Disinfection Byproducts: Many and Varied

Hundreds of DBPs have been reported in the scientific literature since EPA scientists first found low levels of chloroform in chlorinated drinking water in 1974. Thirty years later, EPA estimates that less than half of all chlorinated DBPs have been identified. Most of the successfully characterized DBPs are easily extracted from water using analytical techniques; those more difficult to extract remain a challenge to identify. Although substantial progress has been made in investigating chlorinated HAAs and THMs, the body of knowledge on the large number of DBPs resulting from alternative disinfectants is meager. EPA is attempting to characterize all chemicals formed during water treatment so that it can minimize public exposure to the most potentially hazardous DBPs while still maintaining microbiologically safe, healthful drinking water.

Gathering Data Through the Nationwide Disinfection By-product (DBP) Occurrence Study

The Nationwide Disinfection By-product Occurrence Study was undertaken by EPA to characterize and quantify DBPs formed throughout the United States. Drinking water across the country was sampled. To limit the number of compounds analyzed to a manageable quantity, EPA experts were asked to prioritize, by potential toxicity, over 500 DBPs reported in the literature. The result is a list of approximately 50 priority compounds. EPA's goal is to conduct a complete assessment of DBPs formed by different treatments in various regions of the nation.

An important result of the EPA study is the development of information about DBPs from increasingly popular alternative disinfectants. The table below outlines the significant prioritized DBPs associated with each alternative disinfection technique:

Levels of many of the prioritized DBPs resulting from the treatments listed above are higher than levels of THMs and HAAs resulting from chlorination. These study results have implications for utilities considering replacing chlorination with alternative disinfection methods to meet EPA's DBP regulations. A facility treating source water containing naturally elevated bromine levels, for example, might consider avoiding chloramine treatment.

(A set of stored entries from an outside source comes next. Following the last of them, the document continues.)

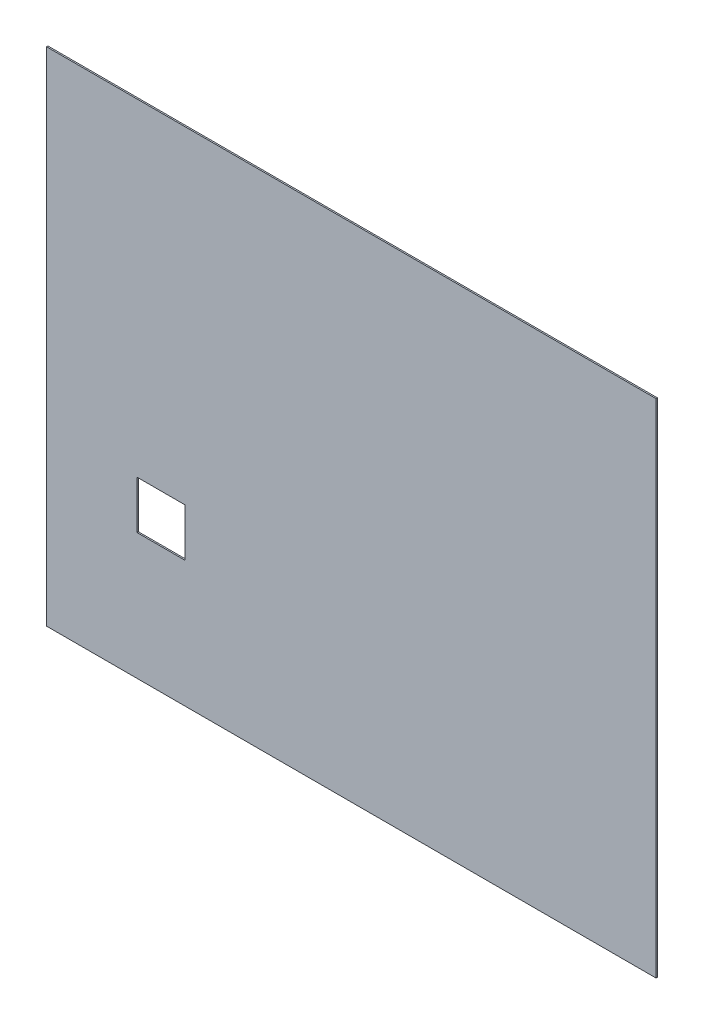
ISO-10303-21;
HEADER;
FILE_DESCRIPTION(('STEP AP214'),'2;1');
FILE_NAME('part.step','',(''),(''),'','','');
FILE_SCHEMA(('AUTOMOTIVE_DESIGN { 1 0 10303 214 1 1 1 1 }'));
ENDSEC;
DATA;
#1=APPLICATION_CONTEXT('core data for automotive mechanical design processes');
#2=APPLICATION_PROTOCOL_DEFINITION('international standard','automotive_design',2000,#1);
#3=PRODUCT_CONTEXT('',#1,'mechanical');
#4=PRODUCT('Part','Part','',(#3));
#5=PRODUCT_RELATED_PRODUCT_CATEGORY('part','',(#4));
#6=PRODUCT_DEFINITION_FORMATION('','',#4);
#7=PRODUCT_DEFINITION_CONTEXT('part definition',#1,'design');
#8=PRODUCT_DEFINITION('design','',#6,#7);
#9=PRODUCT_DEFINITION_SHAPE('','',#8);
#10=(LENGTH_UNIT() NAMED_UNIT(*) SI_UNIT(.MILLI.,.METRE.));
#11=(NAMED_UNIT(*) PLANE_ANGLE_UNIT() SI_UNIT($,.RADIAN.));
#12=(NAMED_UNIT(*) SI_UNIT($,.STERADIAN.) SOLID_ANGLE_UNIT());
#13=UNCERTAINTY_MEASURE_WITH_UNIT(LENGTH_MEASURE(1.E-05),#10,'distance_accuracy_value','');
#14=(GEOMETRIC_REPRESENTATION_CONTEXT(3) GLOBAL_UNCERTAINTY_ASSIGNED_CONTEXT((#13)) GLOBAL_UNIT_ASSIGNED_CONTEXT((#10,
#11,#12)) REPRESENTATION_CONTEXT('',''));
#15=CARTESIAN_POINT('',(0.,0.,0.));
#16=DIRECTION('',(0.,0.,1.));
#17=DIRECTION('',(1.,0.,0.));
#18=AXIS2_PLACEMENT_3D('',#15,#16,#17);
#19=CARTESIAN_POINT('',(215.9,-177.8,0.9906));
#20=DIRECTION('',(-1.,0.,0.));
#21=DIRECTION('',(0.,0.,1.));
#22=AXIS2_PLACEMENT_3D('',#19,#20,#21);
#23=PLANE('',#22);
#24=DIRECTION('',(0.,1.,0.));
#25=VECTOR('',#24,1.);
#26=CARTESIAN_POINT('',(215.9,-177.8,0.));
#27=LINE('',#26,#25);
#28=CARTESIAN_POINT('',(215.9,-177.8,0.));
#29=VERTEX_POINT('',#28);
#30=CARTESIAN_POINT('',(215.9,177.8,0.));
#31=VERTEX_POINT('',#30);
#32=EDGE_CURVE('E151',#29,#31,#27,.T.);
#33=ORIENTED_EDGE('',*,*,#32,.T.);
#34=DIRECTION('',(0.,0.,-1.));
#35=VECTOR('',#34,1.);
#36=CARTESIAN_POINT('',(215.9,177.8,0.9906));
#37=LINE('',#36,#35);
#38=CARTESIAN_POINT('',(215.9,177.8,0.9906));
#39=VERTEX_POINT('',#38);
#40=EDGE_CURVE('E11',#39,#31,#37,.T.);
#41=ORIENTED_EDGE('',*,*,#40,.F.);
#42=DIRECTION('',(0.,1.,0.));
#43=VECTOR('',#42,1.);
#44=CARTESIAN_POINT('',(215.9,-177.8,0.9906));
#45=LINE('',#44,#43);
#46=CARTESIAN_POINT('',(215.9,-177.8,0.9906));
#47=VERTEX_POINT('',#46);
#48=EDGE_CURVE('E157',#47,#39,#45,.T.);
#49=ORIENTED_EDGE('',*,*,#48,.F.);
#50=DIRECTION('',(0.,0.,-1.));
#51=VECTOR('',#50,1.);
#52=CARTESIAN_POINT('',(215.9,-177.8,0.9906));
#53=LINE('',#52,#51);
#54=EDGE_CURVE('E171',#47,#29,#53,.T.);
#55=ORIENTED_EDGE('',*,*,#54,.T.);
#56=EDGE_LOOP('',(#33,#41,#49,#55));
#57=FACE_BOUND('',#56,.T.);
#58=ADVANCED_FACE('F39',(#57),#23,.F.);
#59=CARTESIAN_POINT('',(-215.9,177.8,0.9906));
#60=DIRECTION('',(0.,-1.,0.));
#61=DIRECTION('',(0.,0.,-1.));
#62=AXIS2_PLACEMENT_3D('',#59,#60,#61);
#63=PLANE('',#62);
#64=DIRECTION('',(-1.,0.,0.));
#65=VECTOR('',#64,1.);
#66=CARTESIAN_POINT('',(-215.9,177.8,0.));
#67=LINE('',#66,#65);
#68=CARTESIAN_POINT('',(-215.9,177.8,0.));
#69=VERTEX_POINT('',#68);
#70=EDGE_CURVE('E175',#31,#69,#67,.T.);
#71=ORIENTED_EDGE('',*,*,#70,.T.);
#72=DIRECTION('',(0.,0.,-1.));
#73=VECTOR('',#72,1.);
#74=CARTESIAN_POINT('',(-215.9,177.8,0.9906));
#75=LINE('',#74,#73);
#76=CARTESIAN_POINT('',(-215.9,177.8,0.9906));
#77=VERTEX_POINT('',#76);
#78=EDGE_CURVE('E47',#77,#69,#75,.T.);
#79=ORIENTED_EDGE('',*,*,#78,.F.);
#80=DIRECTION('',(-1.,0.,0.));
#81=VECTOR('',#80,1.);
#82=CARTESIAN_POINT('',(-215.9,177.8,0.9906));
#83=LINE('',#82,#81);
#84=EDGE_CURVE('E161',#39,#77,#83,.T.);
#85=ORIENTED_EDGE('',*,*,#84,.F.);
#86=ORIENTED_EDGE('',*,*,#40,.T.);
#87=EDGE_LOOP('',(#71,#79,#85,#86));
#88=FACE_BOUND('',#87,.T.);
#89=ADVANCED_FACE('F209',(#88),#63,.F.);
#90=CARTESIAN_POINT('',(-215.9,-177.8,0.9906));
#91=DIRECTION('',(1.,0.,0.));
#92=DIRECTION('',(0.,0.,-1.));
#93=AXIS2_PLACEMENT_3D('',#90,#91,#92);
#94=PLANE('',#93);
#95=DIRECTION('',(0.,-1.,0.));
#96=VECTOR('',#95,1.);
#97=CARTESIAN_POINT('',(-215.9,-177.8,0.));
#98=LINE('',#97,#96);
#99=CARTESIAN_POINT('',(-215.9,-177.8,0.));
#100=VERTEX_POINT('',#99);
#101=EDGE_CURVE('E178',#69,#100,#98,.T.);
#102=ORIENTED_EDGE('',*,*,#101,.T.);
#103=DIRECTION('',(0.,0.,-1.));
#104=VECTOR('',#103,1.);
#105=CARTESIAN_POINT('',(-215.9,-177.8,0.9906));
#106=LINE('',#105,#104);
#107=CARTESIAN_POINT('',(-215.9,-177.8,0.9906));
#108=VERTEX_POINT('',#107);
#109=EDGE_CURVE('E186',#108,#100,#106,.T.);
#110=ORIENTED_EDGE('',*,*,#109,.F.);
#111=DIRECTION('',(0.,-1.,0.));
#112=VECTOR('',#111,1.);
#113=CARTESIAN_POINT('',(-215.9,-177.8,0.9906));
#114=LINE('',#113,#112);
#115=EDGE_CURVE('E165',#77,#108,#114,.T.);
#116=ORIENTED_EDGE('',*,*,#115,.F.);
#117=ORIENTED_EDGE('',*,*,#78,.T.);
#118=EDGE_LOOP('',(#102,#110,#116,#117));
#119=FACE_BOUND('',#118,.T.);
#120=ADVANCED_FACE('F195',(#119),#94,.F.);
#121=CARTESIAN_POINT('',(-215.9,-177.8,0.9906));
#122=DIRECTION('',(0.,1.,0.));
#123=DIRECTION('',(0.,0.,1.));
#124=AXIS2_PLACEMENT_3D('',#121,#122,#123);
#125=PLANE('',#124);
#126=DIRECTION('',(1.,0.,0.));
#127=VECTOR('',#126,1.);
#128=CARTESIAN_POINT('',(-215.9,-177.8,0.));
#129=LINE('',#128,#127);
#130=EDGE_CURVE('E162',#100,#29,#129,.T.);
#131=ORIENTED_EDGE('',*,*,#130,.T.);
#132=ORIENTED_EDGE('',*,*,#54,.F.);
#133=DIRECTION('',(1.,0.,0.));
#134=VECTOR('',#133,1.);
#135=CARTESIAN_POINT('',(-215.9,-177.8,0.9906));
#136=LINE('',#135,#134);
#137=EDGE_CURVE('E168',#108,#47,#136,.T.);
#138=ORIENTED_EDGE('',*,*,#137,.F.);
#139=ORIENTED_EDGE('',*,*,#109,.T.);
#140=EDGE_LOOP('',(#131,#132,#138,#139));
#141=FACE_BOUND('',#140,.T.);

Understanding the Big Picture

Widespread drinking water treatment remains today no less a public health triumph than it was a century ago. A safe, abundant water supply that virtually eliminates waterborne disease frees a society to pursue greater goals. The immeasurable value of safe water to human life is reflected in the United Nations Millennium Goal to "halve, by 2015, the proportion of people without sustainable access to safe drinking water and basic sanitation."

Today's water treatment professionals are faced with a growing database of complex information on DBPs. Their challenge will be to map out the optimum course for managing these compounds, taking into consideration the unique characteristics of their source water and keeping in mind the first priority--eliminating waterborne pathogens.